Bloomberg Beta
- Industry: Venture Capital
- Founded: June 2013; 13 years ago
- Founder: Bloomberg L.P.
- Headquarters: San Francisco, California, United States
- Key people: Roy Bahat Karin Klein James Cham Shivon Zilis
- Total assets: $450 million
- Website: www.bloombergbeta.com

= Bloomberg Beta =

American early stage venture capital firm

Bloomberg Beta is an early stage venture capital firm with $450 million under management, capitalized solely by Bloomberg. The fund exists to expand Bloomberg's horizons by investing in companies built by extraordinary founders that are creating profound change in the way business operates, with a focus on machine intelligence and the future of work. Bloomberg Beta was recognized by VC review site CB Insights as the #2 investor in AI.

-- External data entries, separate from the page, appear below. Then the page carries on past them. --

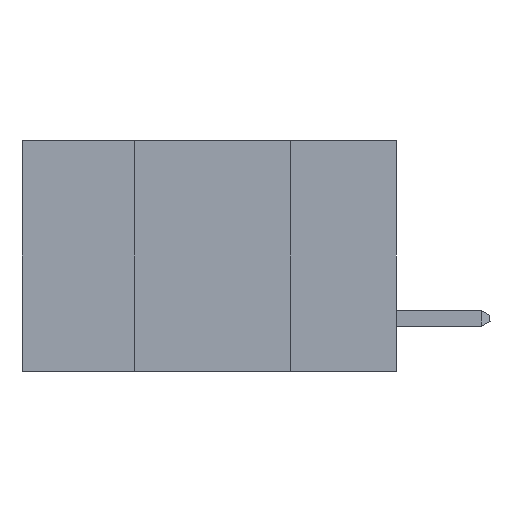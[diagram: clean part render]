
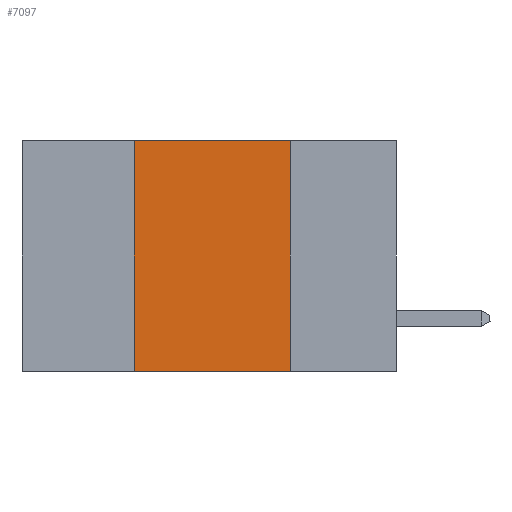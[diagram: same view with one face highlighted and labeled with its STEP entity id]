
A CAD part, left-side view. The second image highlights one B-rep face of the part: STEP entity #7097.
In plain terms, the highlighted planar face has unit normal (-1, 0, 0).
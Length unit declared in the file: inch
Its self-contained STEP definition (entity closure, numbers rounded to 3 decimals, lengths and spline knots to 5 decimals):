
#1026 = PLANE ( 'NONE',  #12958 ) ;
#1061 = CARTESIAN_POINT ( 'NONE',  ( 0., 0.42, 0. ) ) ;
#1176 = EDGE_CURVE ( 'NONE', #2082, #8935, #21193, .T. ) ;
#1995 = DIRECTION ( 'NONE',  ( 1., 0., 0. ) ) ;
#2082 = VERTEX_POINT ( 'NONE', #16760 ) ;
#2230 = ORIENTED_EDGE ( 'NONE', *, *, #7053, .F. ) ;
#2523 = ORIENTED_EDGE ( 'NONE', *, *, #1176, .F. ) ;
#2895 = CARTESIAN_POINT ( 'NONE',  ( 0., 0.17, -0.37 ) ) ;
#3444 = CARTESIAN_POINT ( 'NONE',  ( 0., 0.17, 0. ) ) ;
#3836 = EDGE_LOOP ( 'NONE', ( #2523, #17595, #2230, #12507 ) ) ;
#5670 = CARTESIAN_POINT ( 'NONE',  ( 0., 0.6, 0. ) ) ;
#6187 = CARTESIAN_POINT ( 'NONE',  ( 0., 0.42, -0.37 ) ) ;
#7053 = EDGE_CURVE ( 'NONE', #10631, #13622, #20300, .T. ) ;
#7097 = ADVANCED_FACE ( 'NONE', ( #13823 ), #1026, .F. ) ;
#7424 = DIRECTION ( 'NONE',  ( 0., 0., -1. ) ) ;
#7671 = DIRECTION ( 'NONE',  ( 0., -1., 0. ) ) ;
#8935 = VERTEX_POINT ( 'NONE', #2895 ) ;
#9323 = DIRECTION ( 'NONE',  ( 0., 0., 1. ) ) ;
#10142 = LINE ( 'NONE', #13506, #14600 ) ;
#10631 = VERTEX_POINT ( 'NONE', #6187 ) ;
#12100 = LINE ( 'NONE', #22440, #22775 ) ;
#12507 = ORIENTED_EDGE ( 'NONE', *, *, #16756, .T. ) ;
#12651 = EDGE_CURVE ( 'NONE', #13622, #2082, #12100, .T. ) ;
#12958 = AXIS2_PLACEMENT_3D ( 'NONE', #5670, #1995, #13323 ) ;
#13323 = DIRECTION ( 'NONE',  ( 0., 0., -1. ) ) ;
#13506 = CARTESIAN_POINT ( 'NONE',  ( 0., 0.6, -0.37 ) ) ;
#13622 = VERTEX_POINT ( 'NONE', #1061 ) ;
#13823 = FACE_OUTER_BOUND ( 'NONE', #3836, .T. ) ;
#14600 = VECTOR ( 'NONE', #7671, 39.37008 ) ;
#15284 = VECTOR ( 'NONE', #9323, 39.37008 ) ;
#15301 = CARTESIAN_POINT ( 'NONE',  ( 0., 0.42, 0. ) ) ;
#16756 = EDGE_CURVE ( 'NONE', #10631, #8935, #10142, .T. ) ;
#16760 = CARTESIAN_POINT ( 'NONE',  ( 0., 0.17, 0. ) ) ;
#17595 = ORIENTED_EDGE ( 'NONE', *, *, #12651, .F. ) ;
#18551 = DIRECTION ( 'NONE',  ( 0., -1., 0. ) ) ;
#20300 = LINE ( 'NONE', #15301, #15284 ) ;
#20601 = VECTOR ( 'NONE', #7424, 39.37008 ) ;
#21193 = LINE ( 'NONE', #3444, #20601 ) ;
#22440 = CARTESIAN_POINT ( 'NONE',  ( 0., 0.6, 0. ) ) ;
#22775 = VECTOR ( 'NONE', #18551, 39.37008 ) ;

Led by Roy Bahat, the firm has an unconventional investing model where anyone on the team can independently say "yes" to a deal. The fund's operating manual is publicly available online.

Bloomberg Beta launched in June 2013, with $75 million of funding from Bloomberg L.P. A second fund of $75 million was announced in July 2016. In October 2019, they announced a third fund of $75 million. In June 2022, they announced a fourth fund of $75 million, and their first opportunity fund, also of $75 million. Bloomberg Beta is headquartered in San Francisco, California, with additional operations in New York City.

The firm uses data to find new customers. Their "Future Founders" project started in 2014 to predict who will start companies before they do. In 2014, it began publishing an annual Machine Intelligence landscape to better understand what was happening in the start-up ecosystem with artificial intelligence and machine learning. The firm is the organizer behind "Comeback Cities", taking groups of venture capitalists and members of Congress on bus tours throughout America, to find untapped beds of talent and entrepreneurship.

== Relationship with Bloomberg L.P. ==
Bloomberg Beta is operated as a separate entity from Bloomberg L.P., which is the sole investor in the fund. It consists of three full-time partners: Roy Bahat, Karin Klein, and James Cham.